The Fed has limited options going forward if it wishes to bring inflation back toward 2 percent or lower. It must move its policy rate up, perhaps toward 4 percent. This would be a significant tightening of policy. It must also reduce the size of its balance sheet and its staff should provide an estimate of the pace this might be done without causing an unmanageable liquidity crisis. 

It should implement such actions in a deliberate manner. For example, it might raise its policy rate to 2-1/4 percent by August. Given that this would represent a significant rate of change in policy, it could pause policy through September, allowing the lagged effects of the initial increases to play out. Depending on how quickly inflation is slowing, the Fed could re-calibrate its actions. If, for example, inflation was modestly but concretely trending down, it might conclude that it can meet its objective without further tightening and in doing so avoid a recession.

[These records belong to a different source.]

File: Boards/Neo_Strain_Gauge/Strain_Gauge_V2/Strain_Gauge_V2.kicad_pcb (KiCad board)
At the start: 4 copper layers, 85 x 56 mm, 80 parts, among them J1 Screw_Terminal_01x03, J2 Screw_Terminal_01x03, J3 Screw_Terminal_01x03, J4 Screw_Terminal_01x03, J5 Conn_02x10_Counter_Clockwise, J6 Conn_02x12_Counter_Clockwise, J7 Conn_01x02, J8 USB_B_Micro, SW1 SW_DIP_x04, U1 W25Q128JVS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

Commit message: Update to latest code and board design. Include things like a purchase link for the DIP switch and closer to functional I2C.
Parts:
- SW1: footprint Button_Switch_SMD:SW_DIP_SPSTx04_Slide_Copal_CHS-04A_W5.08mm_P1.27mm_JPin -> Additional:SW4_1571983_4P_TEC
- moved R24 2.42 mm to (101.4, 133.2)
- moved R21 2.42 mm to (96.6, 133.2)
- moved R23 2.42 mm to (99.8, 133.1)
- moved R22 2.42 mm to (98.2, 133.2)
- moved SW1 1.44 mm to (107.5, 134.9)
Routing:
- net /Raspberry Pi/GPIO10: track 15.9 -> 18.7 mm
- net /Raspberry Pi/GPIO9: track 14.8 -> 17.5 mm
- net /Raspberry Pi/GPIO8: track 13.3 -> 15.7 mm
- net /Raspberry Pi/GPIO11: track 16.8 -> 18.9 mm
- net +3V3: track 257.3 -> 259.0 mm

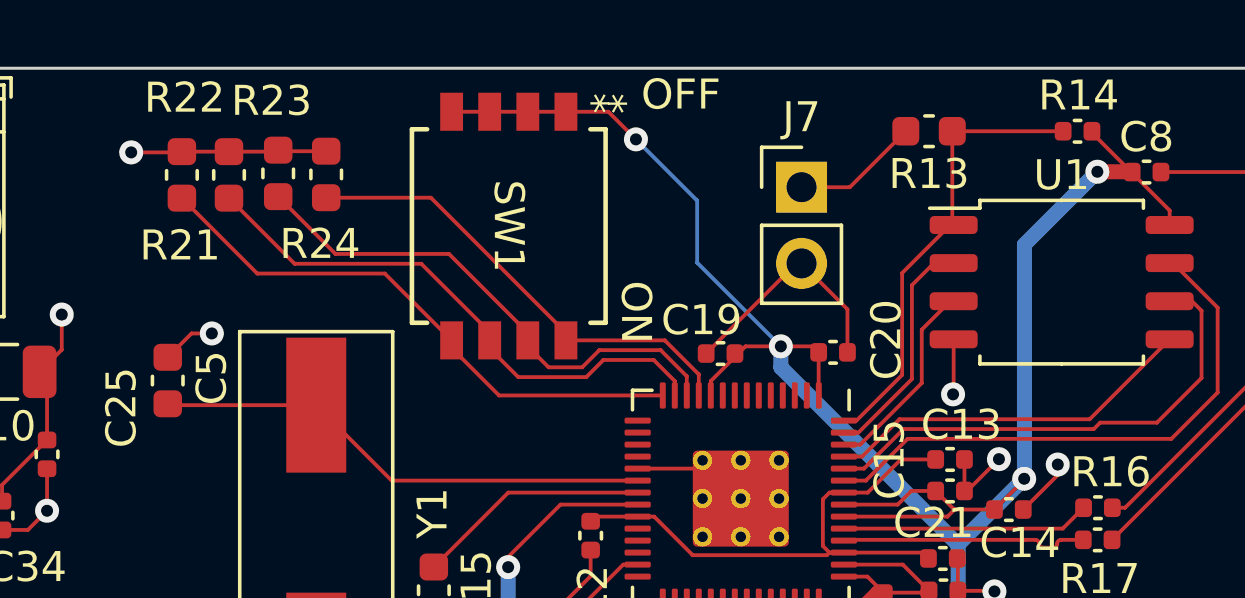
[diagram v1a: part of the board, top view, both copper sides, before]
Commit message: Updated strain gauge V2 to have a button
I need to update the button to be closer to ones we already have however.
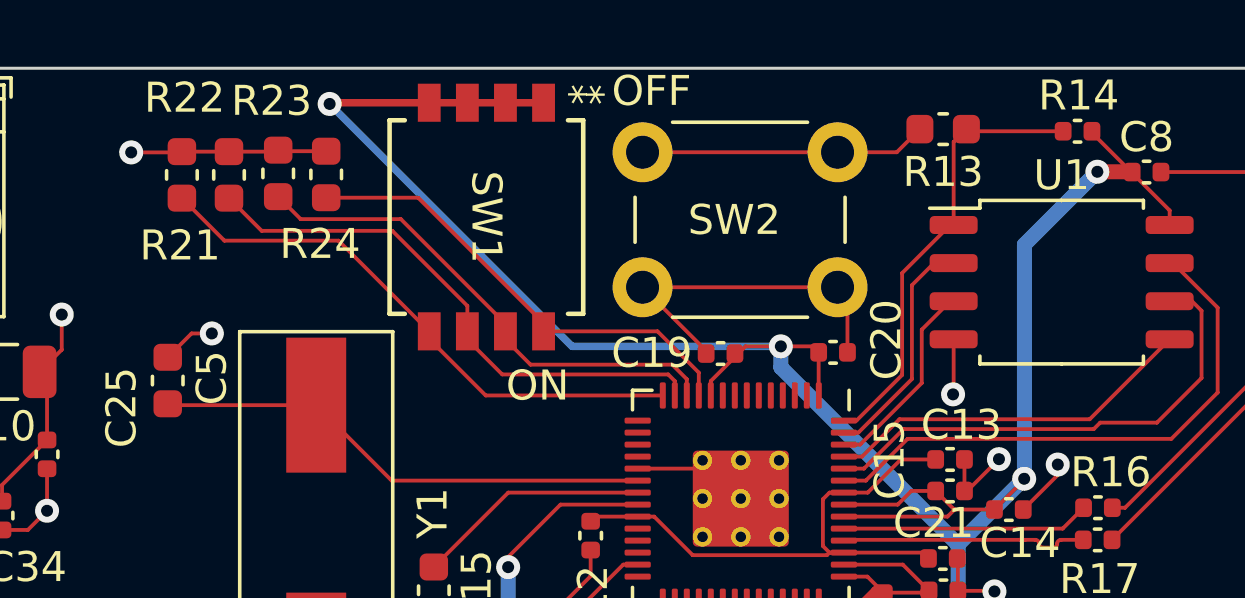
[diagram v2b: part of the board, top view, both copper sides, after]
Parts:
- removed J7: Conn_01x02, Connector_PinHeader_2.54mm:PinHeader_1x02_P2.54mm_Vertical
- added SW2: SW_Push, Button_Switch_THT:SW_PUSH_6mm_H4.3mm, F.Cu at (118.4, 136.9)
- R11, R12, R2, R3, R5, R6, R8, R9: value 350 -> 1000
- moved SW1 0.80 mm to (106.7, 134.6)
- moved R13 0.48 mm to (122.0, 131.7)
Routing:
- net +3V3: track 259.0 -> 269.1 mm
- net /Raspberry Pi/~{USB_BOOT}: track 4.25 -> 9.56 mm
- net GND: track 163.7 -> 166.7 mm

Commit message: Update footprint for part that we already have.
Technically footprint actually contains the name of the part here.
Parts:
- SW2: footprint Button_Switch_THT:SW_PUSH_6mm_H4.3mm -> Button_Switch_SMD:SW_SPST_B3U-1000P
- moved SW2 4.82 mm to (115.2, 133.4), turned to 90 degrees
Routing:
- net /Raspberry Pi/~{USB_BOOT}: track 9.56 -> 6.01 mm
- net GND: track 166.7 -> 166.0 mm, vias 33 -> 34

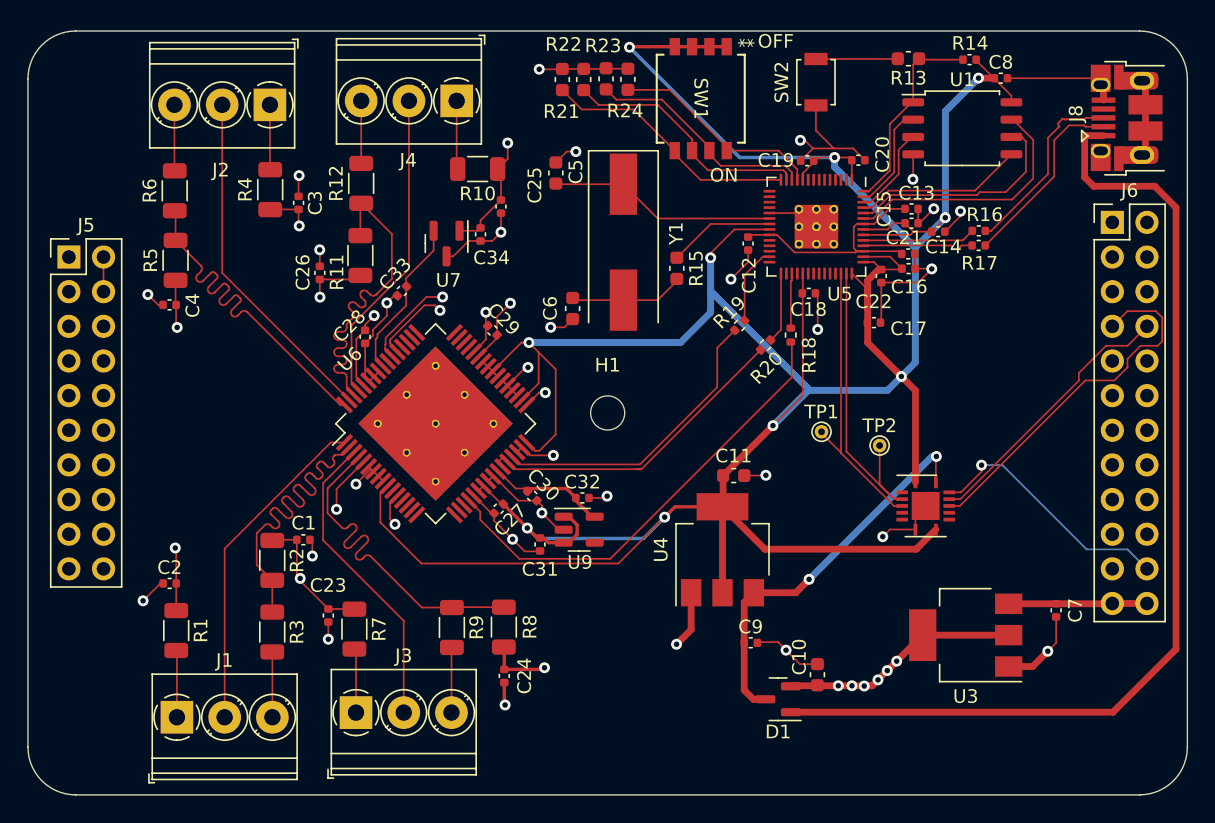
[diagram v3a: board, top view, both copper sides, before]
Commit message: Update board to use two voltage references
This will be a "demo" for a two-reference board, next I will most likely
design one with a differential instrumentation amplifier before
having a new board with 4 instrumentation amplifiers and a single-ended
ADC involved.
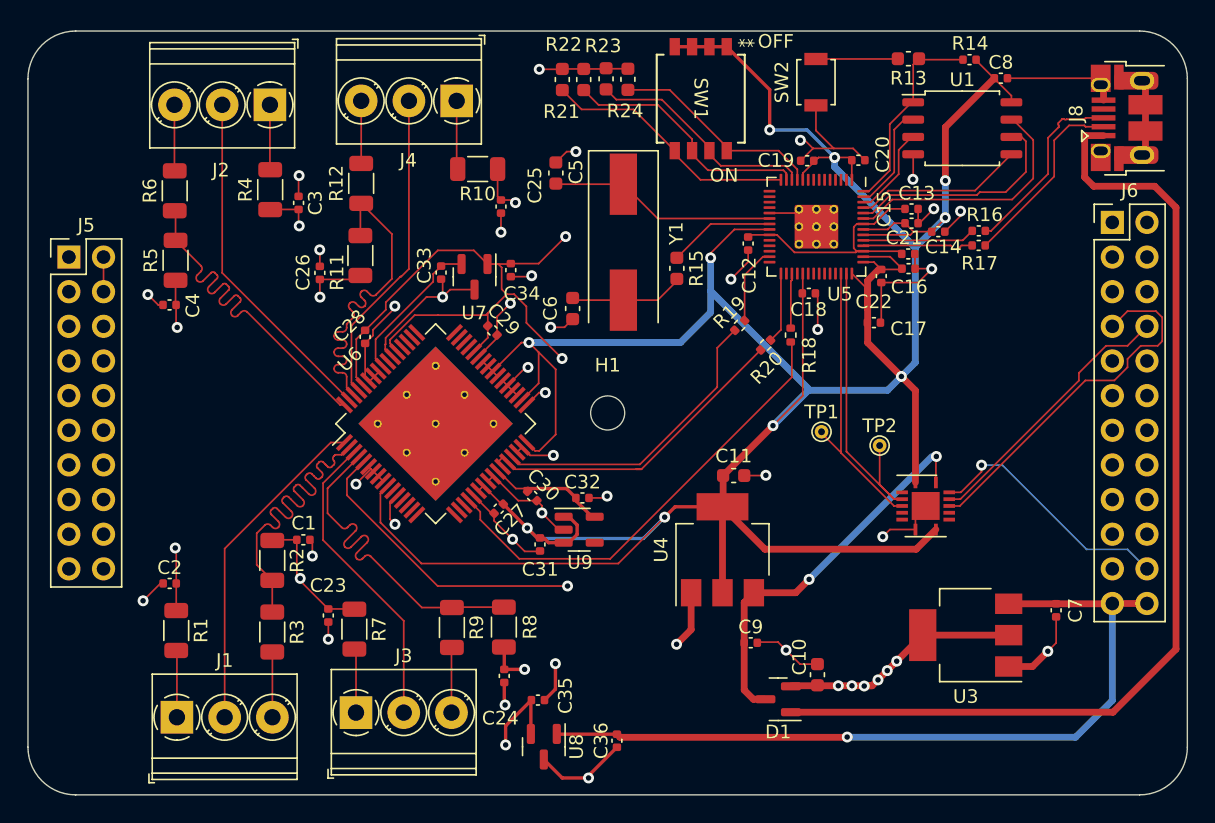
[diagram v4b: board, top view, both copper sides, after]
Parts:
- added C35: 10u, Capacitor_SMD:C_0402_1005Metric, F.Cu at (94.8, 178.7)
- added C36: 10u, Capacitor_SMD:C_0402_1005Metric, F.Cu at (100.6, 181.7)
- added U8: MAX6105, Package_TO_SOT_SMD:SOT-23, F.Cu at (95.2, 182.1)
- moved C34 3.43 mm to (92.8, 147.2)
- moved U7 3.19 mm to (90.2, 147.7)
- moved C33 3.17 mm to (87.7, 147.3), turned to -90 degrees
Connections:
- net /vcc renamed +12V
- C1 pad 2: +5V -> +5VA
- C2 pad 2: +5V -> +5VA
- C23 pad 2: +5V -> +5VA
- C24 pad 2: +5V -> +5VA
- C25 pad 2: +5V -> +5VA
- C26 pad 2: +5V -> +5VA
- C3 pad 2: +5V -> +5VA
- C4 pad 2: +5V -> +5VA
- R1 pad 1: +5V -> +5VA
- R10 pad 1: +5V -> +5VA
- R11 pad 1: +5V -> +5VA
- R2 pad 1: +5V -> +5VA
- R4 pad 1: +5V -> +5VA
- R5 pad 1: +5V -> +5VA
- R7 pad 1: +5V -> +5VA
- R8 pad 1: +5V -> +5VA
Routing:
- net +12V: track 10.1 -> 59.2 mm, vias 0 -> 1
- net +5VA: track 0.00 -> 38.8 mm, vias 0 -> 8
- net +5V: track 76.7 -> 86.8 mm, vias 17 -> 9
- net GND: track 166.0 -> 175.7 mm, vias 34 -> 37
- net +3V3: track 269.1 -> 259.7 mm
- net Net-(U6-VREFP): track 12.8 -> 11.1 mm
- added copper zone on In2.Cu, net +5VA

Alternatively, if during the pause inflation continues substantially above the target rate, the Fed will be justified in tightening policy (rate increase and balance sheet reductions), knowing that such actions would likely increase unemployment and cause recession. The goal for following such a policy path would be to act aggressively but then to allow time for assessing its effects. Once the economy begins to slow, the Fed will come under enormous pressure to reverse policy regardless of whether inflation is in retreat. While it is never easy to know when to change a policy stance, the Fed must resist pressure to reverse course too quickly. It must avoid easing policy before inflation is convincingly under control and well below its current rate of 8.5 percent. Only when this is accomplished, should the Fed begin to lower rates from constraint to a more neutral policy.

Whatever policy path the Fed chooses to end inflation, it must do so with balance and just as importantly with resolve.

Summary

The U.S. is experiencing the worst inflation in over 40 years. The pandemic was a factor but not the cause of 8.5 percent inflation; that was the doing of the federal government and the Fed. It’s too high now to be smothered easily or painlessly but it can be addressed if the country commits to doing so. It will require policy discipline and it may involve a temporary increase in unemployment and perhaps a recession. But one other thing history teaches is that the sooner we address this inflation problem, the less we will ultimately suffer higher unemployment and lost wealth.